- [EXERCISE]
Nothing outside the range is wanted. Repeat exactly the lines below from the one with "# Not quite" through the one with "# F2 (on Top) → F3 (join)".

Collected data
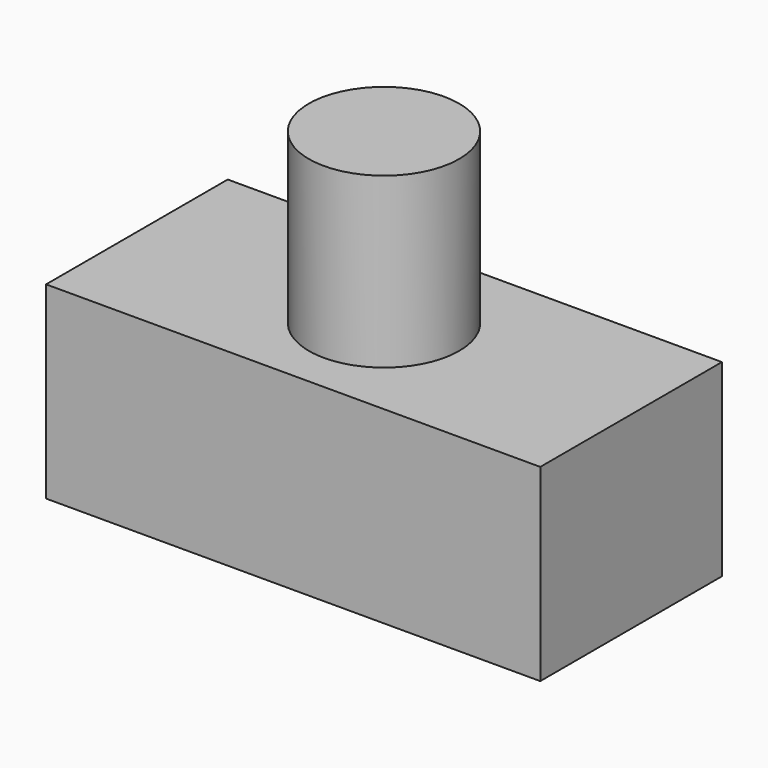
from build123d import *

# Parameters (mm, degrees)
F0_W         = 31.946439296
F0_H         = 14.6780936047
F1_DEPTH     = 12.192
F2_R         = 4.8571534919
F3_DEPTH     = 23.114
F4_TEXT_SIZE = 10.3929852937
F5_DEPTH     = 1.778


# Not quite as in the source:
# - Text() gives the source's letters only with a copy of the font that has no kerning and outlines rounded to 1/6400 em; it was checked with that copy


with BuildPart() as f1:
    # F0 (on Top) → F1 (new body)
    with BuildSketch(Plane.XY):
        Rectangle(F0_W, F0_H)
    extrude(amount=F1_DEPTH)

    # F2 (on Top) → F3 (join)
    with BuildSketch(Plane.XY):
        Circle(F2_R)
    extrude(amount=F3_DEPTH)

    # F4 (on Top) → F5 (join)
    with BuildSketch(Plane.XY):
        with Locations((-12.5195505098, -3.3097660635)):
            Text('Tiana', F4_TEXT_SIZE, font='Open Sans', font_style=FontStyle.ITALIC, text_align=(TextAlign.LEFT, TextAlign.BOTTOM))
    extrude(amount=-F5_DEPTH)


solid = f1.part

- [EXERCISE RESPONSE]
# Not quite as in the source:
# - Text() gives the source's letters only with a copy of the font that has no kerning and outlines rounded to 1/6400 em; it was checked with that copy


with BuildPart() as f1:
    # F0 (on Top) → F1 (new body)
    with BuildSketch(Plane.XY):
        Rectangle(F0_W, F0_H)
    extrude(amount=F1_DEPTH)

    # F2 (on Top) → F3 (join)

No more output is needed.